A região amazônica é rica em biodiversidade porém também está sob a ameaça constante de desequilíbrios ambientais. Um estudo de 1980 já falava da importância epidemiológica de morcegos hematófagos na região, já alertando que "concernente à prevenção da raiva humana é a criação acidental de micro-habitats para morcegos hematófagos na forma de áreas preservadas com abrigos adequados na colonização de regiões florestais onde a raiva silvestre é prevalente", e enfatizando as características ecológicas que podem favorecer a permanência destes nas áreas habitadas por humanos.

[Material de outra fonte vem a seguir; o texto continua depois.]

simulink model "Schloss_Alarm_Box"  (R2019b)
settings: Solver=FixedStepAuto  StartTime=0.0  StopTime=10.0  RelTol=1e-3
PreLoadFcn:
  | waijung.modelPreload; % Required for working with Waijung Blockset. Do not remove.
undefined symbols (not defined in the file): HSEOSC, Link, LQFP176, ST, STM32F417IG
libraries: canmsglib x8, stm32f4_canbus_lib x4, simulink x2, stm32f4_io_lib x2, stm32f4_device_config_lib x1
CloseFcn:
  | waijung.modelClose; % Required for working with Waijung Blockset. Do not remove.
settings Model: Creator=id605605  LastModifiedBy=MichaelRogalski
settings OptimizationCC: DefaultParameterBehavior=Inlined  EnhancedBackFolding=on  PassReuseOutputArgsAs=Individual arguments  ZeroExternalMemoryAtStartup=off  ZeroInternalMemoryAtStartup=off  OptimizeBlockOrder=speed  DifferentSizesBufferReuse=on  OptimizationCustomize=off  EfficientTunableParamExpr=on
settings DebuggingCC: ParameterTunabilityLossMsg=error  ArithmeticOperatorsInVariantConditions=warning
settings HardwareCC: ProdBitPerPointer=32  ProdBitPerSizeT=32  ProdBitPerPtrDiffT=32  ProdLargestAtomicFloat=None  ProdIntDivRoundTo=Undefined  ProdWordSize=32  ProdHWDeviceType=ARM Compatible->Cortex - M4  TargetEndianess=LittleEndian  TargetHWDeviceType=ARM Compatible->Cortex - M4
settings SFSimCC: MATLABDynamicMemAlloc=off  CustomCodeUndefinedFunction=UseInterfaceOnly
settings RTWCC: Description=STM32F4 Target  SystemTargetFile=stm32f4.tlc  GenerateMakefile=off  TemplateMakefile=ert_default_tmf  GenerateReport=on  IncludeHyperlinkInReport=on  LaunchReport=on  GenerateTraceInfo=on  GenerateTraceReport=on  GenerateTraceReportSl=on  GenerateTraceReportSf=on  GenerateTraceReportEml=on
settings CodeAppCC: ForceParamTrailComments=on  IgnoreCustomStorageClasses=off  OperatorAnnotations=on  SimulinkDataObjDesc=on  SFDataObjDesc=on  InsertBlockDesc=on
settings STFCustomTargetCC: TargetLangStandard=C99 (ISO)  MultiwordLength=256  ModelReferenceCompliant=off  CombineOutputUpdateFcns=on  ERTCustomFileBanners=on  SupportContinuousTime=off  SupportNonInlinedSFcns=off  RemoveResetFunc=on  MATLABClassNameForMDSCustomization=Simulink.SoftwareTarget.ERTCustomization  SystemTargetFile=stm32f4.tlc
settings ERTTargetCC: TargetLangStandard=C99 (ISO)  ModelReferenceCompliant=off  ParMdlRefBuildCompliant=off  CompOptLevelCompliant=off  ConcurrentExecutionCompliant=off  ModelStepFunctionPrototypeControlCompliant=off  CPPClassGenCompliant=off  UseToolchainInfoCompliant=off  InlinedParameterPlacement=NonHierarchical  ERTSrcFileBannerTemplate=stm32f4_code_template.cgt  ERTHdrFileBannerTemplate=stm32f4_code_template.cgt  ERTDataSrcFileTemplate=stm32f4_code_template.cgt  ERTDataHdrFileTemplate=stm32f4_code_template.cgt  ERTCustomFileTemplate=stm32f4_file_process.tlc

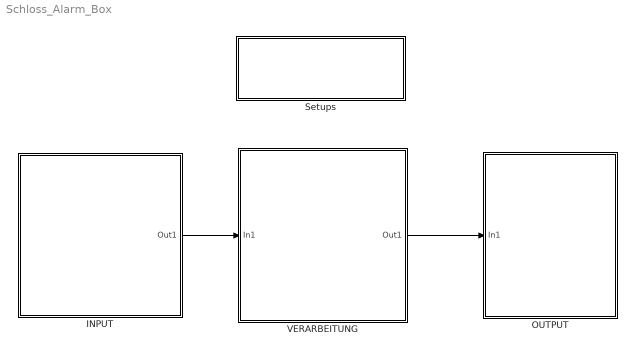
== system Schloss_Alarm_Box ==
  INPUT : Subsystem
  OUTPUT : Subsystem
  Setups : Subsystem
  VERARBEITUNG : Subsystem
  wires:
  INPUT/1(Out1) -> VERARBEITUNG/1(In1)
  VERARBEITUNG/1(Out1) -> OUTPUT/1(In1)

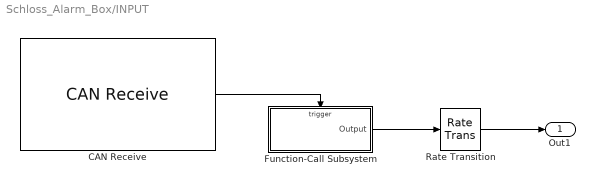
== system Schloss_Alarm_Box/INPUT ==
  CAN Receive : stm32f4_canbus_lib/CAN Receive  conf=Rx  canmodule=1  idtype=Standard  filtertype=Mask  id=0  idmask=0  enableisr=on  usedlc=off  datatype=single  data0type=uint32  data1type=uint32  data2type=Not used  data3type=Not used  data4type=Not used  data5type=Not used  data6type=Not used  data7type=Not used  buffersize=8  sampletime=-1  sampletimestr=-1  blockid=INPUTCANReceive  inputarray=[]  inputlabelarray={}  outputarray=[7]  outputlabelarray={'Call ISR' }  compat=0  confstr=[]
      settings: SourceProductName=Waijung Blockset
  Function-Call Subsystem : Subsystem  TreatAsAtomicUnit=on
  Rate Transition : RateTransition
  Out1 : Outport  VectorParamsAs1DForOutWhenUnconnected=off
  wires:
  CAN Receive/1 -> Function-Call Subsystem/Trigger
  Function-Call Subsystem/1(Output) -> Rate Transition/1
  Rate Transition/1 -> Out1/1

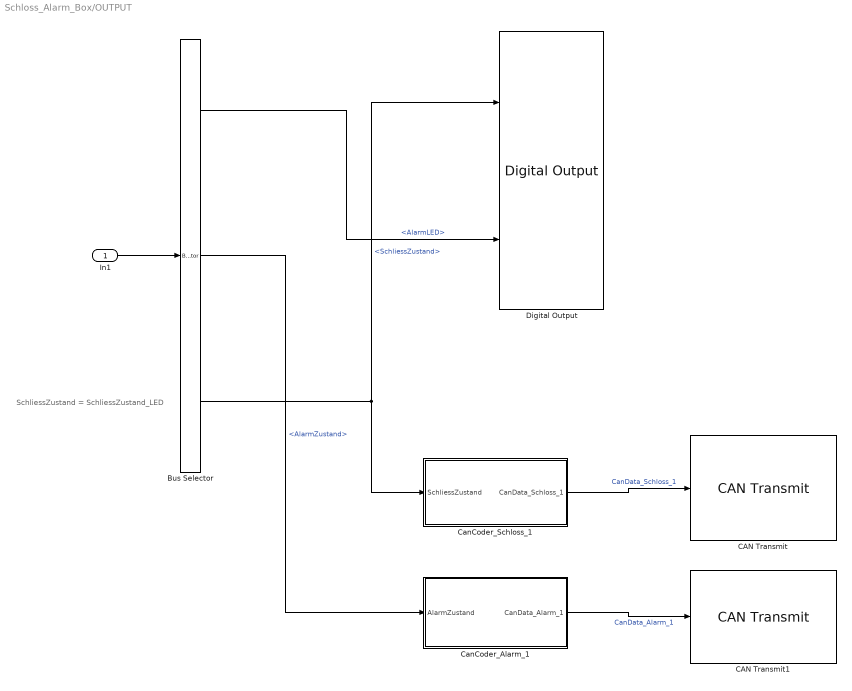
== system Schloss_Alarm_Box/OUTPUT ==
  note: SchliessZustand = SchliessZustand_LED
  In1 : Inport
  Bus Selector : BusSelector  OutputSignals=AlarmLED,AlarmZustand,SchliessZustand
  CAN Transmit : stm32f4_canbus_lib/CAN Transmit  conf=Tx  canmodule=1  transfer=Blocking  timeout=0.005  idtype=Standard  specificid=on  id=25  specificdlc=on  dlc=1  enablestatus=off  datatype=single  data0type=uint8  data1type=Not used  data2type=Not used  data3type=Not used  data4type=Not used  data5type=Not used  data6type=Not used  data7type=Not used  inputarray=[ 3]  inputlabelarray={ 'D0 (uint8)' }  outputarray=[]  outputlabelarray={}  sampletime=-1  sampletimestr=-1  blockid=OUTPUTCANTransmit  compat=0  confstr=[]
  CAN Transmit1 : stm32f4_canbus_lib/CAN Transmit  conf=Tx  canmodule=1  transfer=Blocking  timeout=0.005  idtype=Standard  specificid=on  id=24  specificdlc=on  dlc=1  enablestatus=off  datatype=single  data0type=uint8  data1type=Not used  data2type=Not used  data3type=Not used  data4type=Not used  data5type=Not used  data6type=Not used  data7type=Not used  inputarray=[ 3]  inputlabelarray={ 'D0 (uint8)' }  outputarray=[]  outputlabelarray={}  sampletime=-1  sampletimestr=-1  blockid=OUTPUTCANTransmit1  compat=0  confstr=[]
  CanCoder_Alarm_1 : Subsystem
  CanCoder_Schloss_1 : Subsystem
  Digital Output : stm32f4_io_lib/Digital Output  use_bitband=on  port=C  speed=100  porttype=Push Pull  porttypestr=PP  use_pin0=off  use_pin1=off  use_pin2=on  use_pin3=on  use_pin4=off  use_pin5=off  use_pin6=off  use_pin7=off  use_pin8=off  use_pin9=off  use_pin10=off  use_pin11=off  use_pin12=off  use_pin13=off  use_pin14=off  use_pin15=off  pinstr=GPIO_Pin_2 | GPIO_Pin_3  usedpinarray="[0  0  1  1  0  0  0  0  0  0  0  0  0  0  0  0]"  bitbandingstr=|  sampletime=-1  sampletimestr=-1  blockid=OUTPUTDigitalOutput  enablecustomportlabel=off  globalinit=off  cinputportlabel=In1, In2  coutputportlabel=0
      | #define OUTPUTDigitalOutput_C2 Peripheral_BB(GPIOC->ODR, 2)  /* Output pin */
      | #define OUTPUTDigitalOutput_C3 Peripheral_BB(GPIOC->ODR, 3)  /* Output pin */
      settings: SourceProductName=Waijung Blockset
  wires:
  In1/1 -> Bus Selector/1
  Bus Selector/1 -> Digital Output/2  "<AlarmLED>"
  Bus Selector/2 -> CanCoder_Alarm_1/1(AlarmZustand)  "<AlarmZustand>"
  Bus Selector/3 -> Digital Output/1, CanCoder_Schloss_1/1(SchliessZustand)  "<SchliessZustand>"
  CanCoder_Schloss_1/1(CanData_Schloss_1) -> CAN Transmit/1  "CanData_Schloss_1"
  CanCoder_Alarm_1/1(CanData_Alarm_1) -> CAN Transmit1/1  "CanData_Alarm_1"

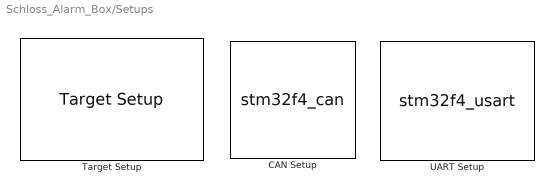
== system Schloss_Alarm_Box/Setups ==
  CAN Setup : S-Function  FunctionName=stm32f4_can  Parameters=conf,canmodule,0,inputarray,outputarray,'','',confstr,sampletime,sampletimestr,blockid  SFunctionDeploymentMode=off  EnableBusSupport=off  mask(stm32f4_can){conf=Setup, canmodule=1, advance=off, bitrate_select=500000, sjw=1tq, bs1=14tq, bs2=6tq, timingconf=Prescaler, brp=4, bitrate=500000, tq=9.5238e-08, autoretransmission=Disable, remaptxpin=A12, remaprxpin=A11, sampletime=-1, sampletimestr=-1, blockid=SetupsCANSetup, inputarray=[], inputlabelarray={}, outputarray=[], outputlabelarray={}, compat=0, confstr=[], presc=4, txportstr=A, txpinstr=12, rxportstr=A, rxpinstr=11, lastmodule=1}
      mask prompts: conf "Configuration"; canmodule "CAN Module"; advance "Advance configuration"; bitrate_select "Baud rate (bps)"; sjw "Resync Jump Width (SJW)"; bs1 "Bit segment 1 (BS1) + PROP_SEG"; bs2 "Bit segment 2 (BS2)"; timingconf "Adjust"; brp "Baud rate prescaler (BRP)"; bitrate "Baud rate (bps)"; tq "Time Quantum (Second), tq"; autoretransmission "Auto Re-transmission"; remaptxpin "CAN Tx pin"; remaprxpin "CAN Rx pin"; sampletime "Sample time (sec)"; sampletimestr "Compiled sample time (sec) in string"; inputarray "Input port"; inputlabelarray "Input port label"; outputarray "Output port"; outputlabelarray "Output port label"; compat "Compatibility (Reserved for future use)"; confstr "Configuration String"; presc "Prescale"; txportstr "Tx port string"; txpinstr "Tx pin string"; rxportstr "Rx port string"; rxpinstr "Rx pin string"; lastmodule "Last module selected"
      mask help:
      | This block setups CAN Module.
      |
      | Auto Re-transmission,
      |  - Enable: The CAN hardware will automatically retransmit the message until it has been
      | successfully transmitted according to the CAN standard.
      |  - Disable: A message will be transmitted only once, independently of the transmission result
      | (successful, error or arbitration lost).
      mask init:
      | stm32f4_can_callback('init');
      mask Help: web(fullfile(waijungdocroot,'stm32f4_can_setup.htm'), '-browser')
      mask TypeOptions conf: Setup
      mask TypeOptions canmodule: 1 | 2
      mask Callback canmodule: stm32f4_can_callback('canmodule');
      mask Callback advance: stm32f4_can_callback('advance');
      mask TypeOptions bitrate_select: 125000 | 250000 | 500000 | 1000000
      mask Callback bitrate_select: stm32f4_can_callback('bitrate_select');
      mask TypeOptions sjw: 1tq | 2tq | 3tq | 4tq
      mask TypeOptions bs1: 1tq | 2tq | 3tq | 4tq | 5tq | 6tq | 7tq | 8tq | 9tq | 10tq | 11tq | 12tq | 13tq | 14tq | 15tq | 16tq
      mask Callback bs1: stm32f4_can_callback('timingconf');
      mask TypeOptions bs2: 1tq | 2tq | 3tq | 4tq | 5tq | 6tq | 7tq | 8tq
      mask Callback bs2: stm32f4_can_callback('timingconf');
      mask TypeOptions timingconf: Prescaler | Baudrate
      mask Callback timingconf: stm32f4_can_callback('timingconf');
      mask Callback brp: stm32f4_can_callback('timingconf');
      mask Callback bitrate: stm32f4_can_callback('timingconf');
      mask TypeOptions autoretransmission: Enable | Disable
      mask TypeOptions remaptxpin: Not used | A12 | B9 | D1 | H13
      mask Callback remaptxpin: stm32f4_can_callback('remaptxpin');
      mask TypeOptions remaprxpin: Not used | A11 | B8 | D0 | I9
      mask Callback remaprxpin: stm32f4_can_callback('remaprxpin');
      mask Callback sampletime: stm32f4_can_callback('sampletime');
      mask Callback sampletimestr: stm32f4_can_callback('sampletimestr');
      mask Callback blockid: stm32f4_can_callback('blockid');
      mask Display: text(0.5, 0.5, 'CAN1_Setup\nSpeed (bps): 500000\nTx/Rx pin: A12/A11','ver','middle','hor','center');
  Target Setup : stm32f4_device_config_lib/Target Setup  Priority=100  compiler=GNU ARM  previous_compiler=GNU ARM  mcu=STM32F417IG (LQFP176)  mcustr=STM32F417IG  clockconfig=HSEOSC-8MHz  system_stm32f4xx_c_path=D:\Downloads\waijung17_03a\targets\stm32f4_target\stm32f4\utils\system_stm32f4xx_default\STM32F40_41xxx\hseosc8mhz  showmemoryconfiguration=off  stacksize=0x2000  heapsize=0x2000  enableautocompiledownload=on  fullchiperase=off  programmerinterface=ST-Link  editctrlstr=on  compilercontrolstr=$(patsubst %, -I%, .) -mcpu=cortex-m4 -mthumb -mthumb-interwork -mfloat-abi=hard -mfpu=fpv4-sp-d16 -ffast-math -Wall -Wextra -Ofast  assemblercontrolstr=$(patsubst %, -I%, .) -mcpu=cortex-m4 -mthumb -mthumb-interwork -mfloat-abi=hard -mfpu=fpv4-sp-d16 -ffast-math -Wall -Wextra -Ofast -Wa,-amhls=$(<:.s=.lst) -D__STACK_SIZE=$(STACK_SIZE) -D__HEAP_SIZE=$(HEAP_SIZE)  linkercontrolstr=-T$(LD_SCRIPT) -g -Wl,-Map=$(MAP),--cref,--no-warn-mismatch -mcpu=cortex-m4 -mthumb -mthumb-interwork -mfloat-abi=hard -mfpu=fpv4-sp-d16 -specs=nosys.specs  runafterdownload=on  execprofile=None  profileruart=3  profilerbaud=500000  profilertxpin=D8  profilerinitstr=0.01,168000000,1680000,500000,0  manualsetsampletime=off  sampletime=0.01  blockid=SetupsTargetSetup  systickreloadvalue=1680000  hseval=8000000  lastprofileruart=3  hclk=168000000  flashorigin=0x8000000  flashlength=1024k  ramorigin=0x20000000  ramlength=128k  useextram=off
      settings: SourceProductName=Waijung Blockset
  UART Setup : S-Function  Priority=1  FunctionName=stm32f4_usart  Parameters=configuration,uartmodule,transfer,baudrate,inputtype,outputtype,confstr,binheaderarray,binterminatorarray,asciiheader,asciiterminator,bindatalength,packetmode,varname,sampletime,sampletimestr,blockid  SFunctionDeploymentMode=off  EnableBusSupport=off  mask(stm32f4_usart){configuration=Setup, uartmodule=2, baudrate=115200, databits=8, parity=No, stopbit=1, remaptxpin=A2, remaprxpin=A3, flowcontrol=None, remapctspin=Not used, remaprtspin=Not used, advanceoptions=off, rxbuffersize=512, txbuffersize=512, transfer=Blocking, packetmode=Ascii, binheader='7E 7E', binterminator='03 03', porttype_double=1, porttype_single=0, porttype_int8=1, porttype_uint8=0, porttype_int16=0, porttype_uint16=0, porttype_int32=0, porttype_uint32=0, asciiformat='%d,%f', rx_asciiterminator=CRLF (0x0D 0x0A - "\r\n"), tx_asciiterminator=CR (0x0D - "\r"), storagename=<empty>, varname=, inputtype=[0], outputtype=[0], binheaderarray=[0], binterminatorarray=[0], bindatalength=0, asciiheader='', asciiterminator=[0], sampletime=-1, sampletimestr=-1, blockid=SetupsUARTSetup, confstr=[ "dummy", "1", "A", "2", "1", "A", "3", "0", "*", "*", "0", "*", "*", "1", "4", "6", "1", "4", "5", "512", "512", "1", "2", "115200", "8", "No", "1", "None", "USART2"], lastmodule=2}
      mask prompts: uartmodule "UART Module"; baudrate "Baud rate (bps)"; databits "Data bits"; stopbit "Stop bit"; remaptxpin "Tx Pin"; remaprxpin "Rx Pin"; flowcontrol "Hardware flow control"; remapctspin "HW Flow control, CTS Pin"; remaprtspin "HW Flow control, RTS Pin"; advanceoptions "Advance options"; rxbuffersize "Rx buffer size (bytes)"; txbuffersize "Tx buffer size (bytes)"; packetmode "Packet mode"; binheader "Binary header (example: '7E 7E')"; binterminator "Binary terminator (example: '03 03')"; porttype_double "Number of data port, type DOUBLE"; porttype_single "Number of data port, type SINGLE"; porttype_int8 "Number of data port, type INT8"; porttype_uint8 "Number of data port, type UINT8"; porttype_int16 "Number of data port, type INT16"; porttype_uint16 "Number of data port, type UINT16"; porttype_int32 "Number of data port, type INT32"; porttype_uint32 "Number of data port, type UINT32"; asciiformat "Ascii format"; rx_asciiterminator "End of packet"; tx_asciiterminator "End of packet"; storagename "Buffer"; varname "Var name"; inputtype "Input data type"; outputtype "Output data type"; binheaderarray "Binary header"; binterminatorarray "Binary terminator"; bindatalength "Binary data length"; asciiheader "Ascii header (printf format)"; asciiterminator "Ascii terminator"; sampletime "Sample time (sec)"; sampletimestr "Compiled sample time (sec) in string"; confstr "Configuration string"; lastmodule "Last module selected"
      mask help:
      | Default STM32F4DISCOVERY + aMG F4 Connect 2 + aMG USB Converter N2 settings use
      |
      | USART3, Tx D8, Rx D9 and USB Serial Converter A.
      mask init:
      | stm32f4_usart_callback('init');
      mask Help: web(fullfile(waijungdocroot,'stm32f4_usart_setup.htm'), '-browser')
      mask TypeOptions configuration: Setup | Tx | Rx
      mask Callback configuration: stm32f4_usart_callback('configuration');
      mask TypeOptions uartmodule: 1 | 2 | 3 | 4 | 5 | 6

A Reserva Extrativista da Comunidade Tapira do Rio Unini em Barcelos-AM talvez nem seja tão preservada assim e, para que os hematófagos optem por atacar pessoas, é bem possível que haja falta de alimento melhor para os morcegos, ou seja, pela falta de outras espécies animais os morcegos passaram a espoliar pessoas. Imagine a falta de estrutura de um local desses? Onde nem a saúde chegou oportunamente?!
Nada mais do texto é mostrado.